Run bun run build to bundle all the builtins. The output is placed in build/debug/js, where these files are loaded dynamically by bun-debug (an exact filepath is inlined into the binary pointing at where you cloned bun, so moving the binary to another machine may not work). In a release build, these get minified and inlined into the binary (Please commit those generated headers).

If you change the list of files or functions, you will have to run bun run build.

Notes on how the build process works

This isn't really required knowledge to use it, but a rough overview of how ./_codegen/* works

The build process is built on top of Bun's bundler. The first step is scanning all modules and assigning each a numerical ID. The order is determined by an A-Z sort.

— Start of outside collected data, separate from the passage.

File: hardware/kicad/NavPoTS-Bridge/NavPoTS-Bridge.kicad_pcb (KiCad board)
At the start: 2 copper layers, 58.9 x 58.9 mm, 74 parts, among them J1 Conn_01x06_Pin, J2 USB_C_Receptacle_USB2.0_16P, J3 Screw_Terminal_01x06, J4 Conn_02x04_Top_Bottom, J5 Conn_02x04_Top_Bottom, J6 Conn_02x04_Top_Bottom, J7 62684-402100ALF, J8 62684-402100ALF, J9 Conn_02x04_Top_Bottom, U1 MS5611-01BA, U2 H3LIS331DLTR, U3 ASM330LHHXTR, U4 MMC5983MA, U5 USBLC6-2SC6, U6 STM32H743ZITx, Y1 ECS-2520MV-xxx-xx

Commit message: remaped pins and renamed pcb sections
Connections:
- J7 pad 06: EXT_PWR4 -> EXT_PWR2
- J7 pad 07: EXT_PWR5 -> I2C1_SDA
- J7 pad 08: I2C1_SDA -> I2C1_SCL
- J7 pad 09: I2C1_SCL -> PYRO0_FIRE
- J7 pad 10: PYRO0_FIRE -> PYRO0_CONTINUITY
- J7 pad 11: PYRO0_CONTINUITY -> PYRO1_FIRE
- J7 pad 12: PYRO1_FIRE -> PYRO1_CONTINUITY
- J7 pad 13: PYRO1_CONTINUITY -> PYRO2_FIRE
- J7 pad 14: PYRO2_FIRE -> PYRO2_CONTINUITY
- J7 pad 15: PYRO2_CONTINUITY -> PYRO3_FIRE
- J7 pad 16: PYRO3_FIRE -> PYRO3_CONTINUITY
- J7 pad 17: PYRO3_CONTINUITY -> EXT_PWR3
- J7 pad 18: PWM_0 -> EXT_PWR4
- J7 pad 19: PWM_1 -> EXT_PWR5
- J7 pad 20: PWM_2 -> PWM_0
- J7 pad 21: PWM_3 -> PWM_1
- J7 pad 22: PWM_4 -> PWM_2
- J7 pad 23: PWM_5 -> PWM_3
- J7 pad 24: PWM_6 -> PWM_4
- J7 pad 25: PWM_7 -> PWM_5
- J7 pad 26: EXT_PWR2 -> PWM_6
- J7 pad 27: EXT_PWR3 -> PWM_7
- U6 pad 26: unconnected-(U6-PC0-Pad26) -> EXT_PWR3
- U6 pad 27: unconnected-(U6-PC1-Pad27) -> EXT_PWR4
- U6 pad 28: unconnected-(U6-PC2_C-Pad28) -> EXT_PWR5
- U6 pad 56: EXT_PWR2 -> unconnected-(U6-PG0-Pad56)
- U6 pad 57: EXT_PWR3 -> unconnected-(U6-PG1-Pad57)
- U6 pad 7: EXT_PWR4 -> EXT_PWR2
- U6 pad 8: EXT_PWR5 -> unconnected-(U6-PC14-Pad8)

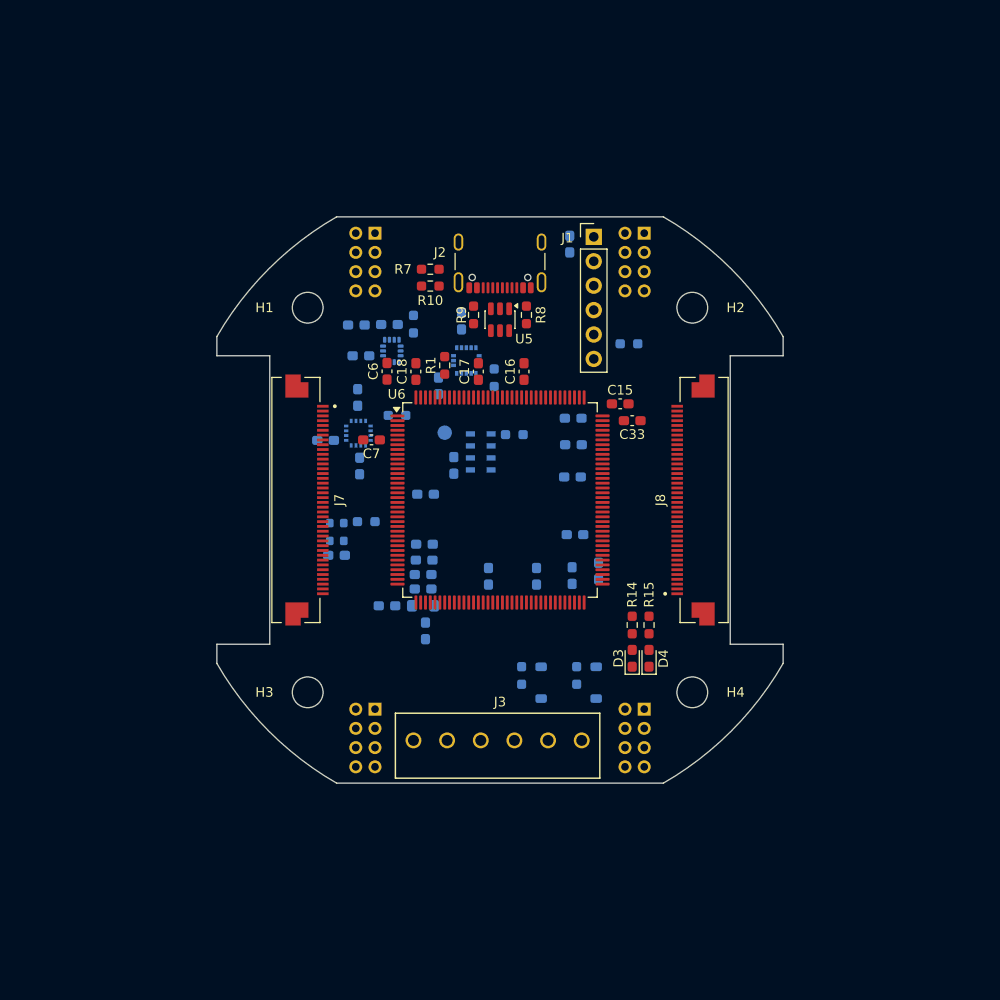
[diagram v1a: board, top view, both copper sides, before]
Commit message: first draft of bridge pcb
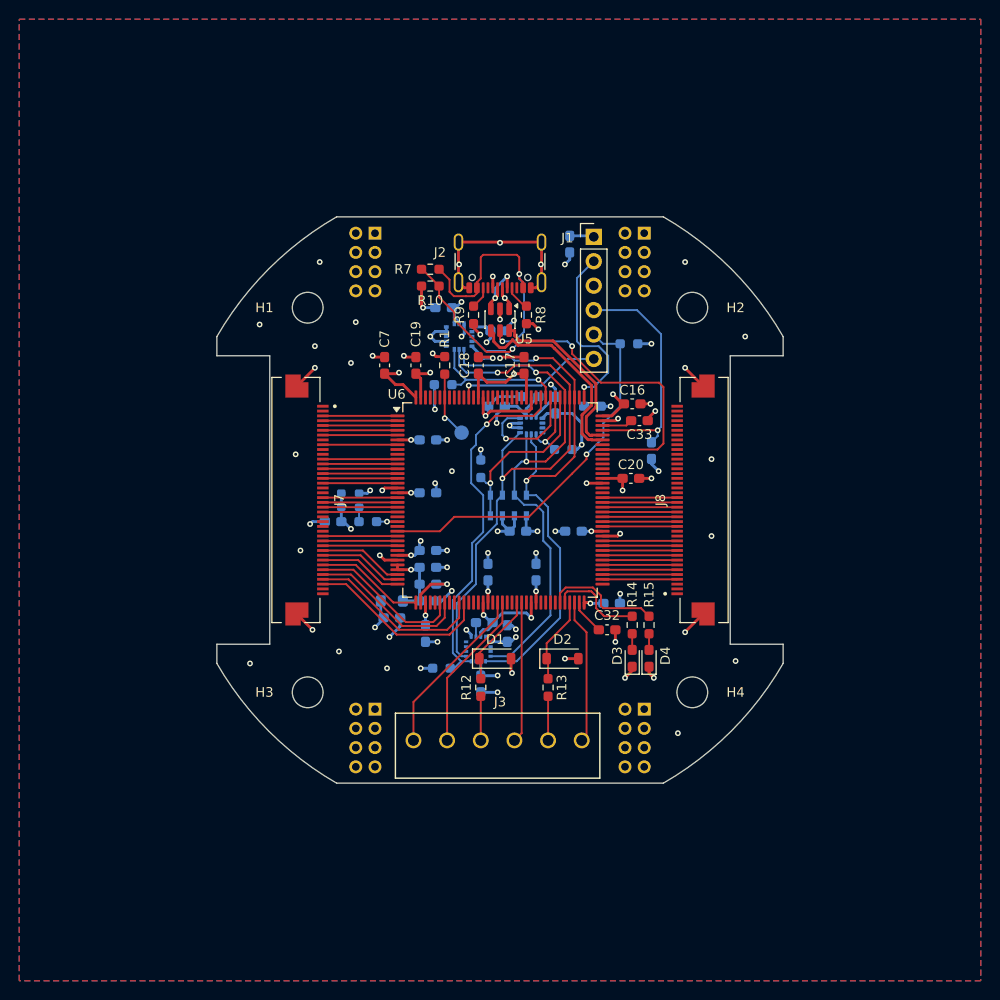
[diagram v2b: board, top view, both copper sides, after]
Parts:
- C20: renamed from C19; moved to F.Cu
- C32, D1, D2, R12, R13: moved to F.Cu
- C8: renamed from C7; moved to B.Cu
- moved C28 32.4 mm to (198.0, 119.1), turned to -90 degrees
- moved C29 27.6 mm to (200.8, 113.9), turned to 90 degrees
- moved R6 26.7 mm to (193.9, 117.5), turned to 0 degrees
- moved U4 25.7 mm to (197.8, 115.5), turned to 90 degrees
- moved C31 20.8 mm to (198.4, 112.8), turned to 0 degrees
- moved R2 20.3 mm to (206.6, 94.8), turned to 180 degrees
- moved C3 19.6 mm to (203.1, 89.2)
- moved C1 19.2 mm to (205.8, 90.1), turned to 90 degrees
- moved U3 16.4 mm to (203.2, 92.2), turned to 0 degrees
- moved C2 15.0 mm to (199.6, 90.2)
- moved C6 9.56 mm to (201.9, 103.2), turned to 180 degrees
- moved C4 8.16 mm to (194.1, 80.0), turned to 180 degrees
- moved C26 8.14 mm to (215.8, 94.9), turned to -90 degrees
- moved C32 6.71 mm to (211.1, 113.5), turned to 180 degrees
- moved U1 6.27 mm to (200.9, 100.6), turned to 90 degrees
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- renumbered C9 to C10, C10 to C11, C11 to C12, C12 to C13, C13 to C14, C14 to C15, C15 to C16, C16 to C17, C17 to C18, C18 to C19, C20 to C21, C21 to C22, C22 to C23, C26 to C25, C27 to C26, C25 to C27, C23 to C6, C6 to C7, C8 to C9
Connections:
- D1 pad 1: UART8_RX -> UART7_RX
- D2 pad 1: UART4_RX -> USART3_TX
- J3 pad 3: UART8_TX -> Net-(J3-Pin_3)
- J3 pad 4: Net-(J3-Pin_4) -> UART7_TX
- J3 pad 5: UART4_TX -> Net-(J3-Pin_5)
- J3 pad 6: Net-(J3-Pin_6) -> USART3_RX
- J7 pad 01: V_ALERT -> unconnected-(J7-Pad01)
- J7 pad 02: PGOOD -> unconnected-(J7-Pad02)
- J7 pad 03: VSTAT -> V_ALERT
- J7 pad 04: EXT_PWR0 -> PGOOD
- J7 pad 05: EXT_PWR1 -> VSTAT
- J7 pad 06: EXT_PWR2 -> EXT_PWR0
- J7 pad 07: I2C1_SDA -> EXT_PWR1
- J7 pad 08: I2C1_SCL -> unconnected-(J7-Pad08)
- J7 pad 09: PYRO0_FIRE -> EXT_PWR2
- J7 pad 10: PYRO0_CONTINUITY -> unconnected-(J7-Pad10)
- J7 pad 11: PYRO1_FIRE -> unconnected-(J7-Pad11)
- J7 pad 12: PYRO1_CONTINUITY -> I2C1_SDA
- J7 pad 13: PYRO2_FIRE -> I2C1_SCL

The $ for private names is actually a lie, and in JSC it actually uses @; though that is a syntax error in regular JS/TS, so we opted for better IDE support. So first we have to pre-process the files to spot all instances of $ at the start of an identifier and we convert it to __intrinsic__. We also scan for require(string) and replace it with $requireId(n) after resolving it to the integer id, which is defined in ./functions/Module.ts. export default is transformed into return ...;, however this transform is a little more complicated that a string replace because it supports that not being the final statement, and access to the underlying variable $exports, etc.

The preprocessor is smart enough to not replace $ in strings, comments, regex, etc. However, it is not a real JS parser and instead a recursive regex-based nightmare, so may hit some edge cases. Yell at Chloe if it breaks.

The module is then printed like:

// @ts-nocheck
$$capture_start$$(function () {
  const path = __intrinsic__requireId(23);
  // user code is pasted here
  return {
    cool: path,
  };
}).$$capture_end$$;

This capture thing is used to extract the function declaration afterwards, this is more useful in the functions case where functions can have arguments, or be async functions.

After bundling, the inner part is extracted, and then __intrinsic__ is replaced to @.

These can then be inlined into C++ headers and loaded with createBuiltin. This is done in InternalModuleRegistry.cpp.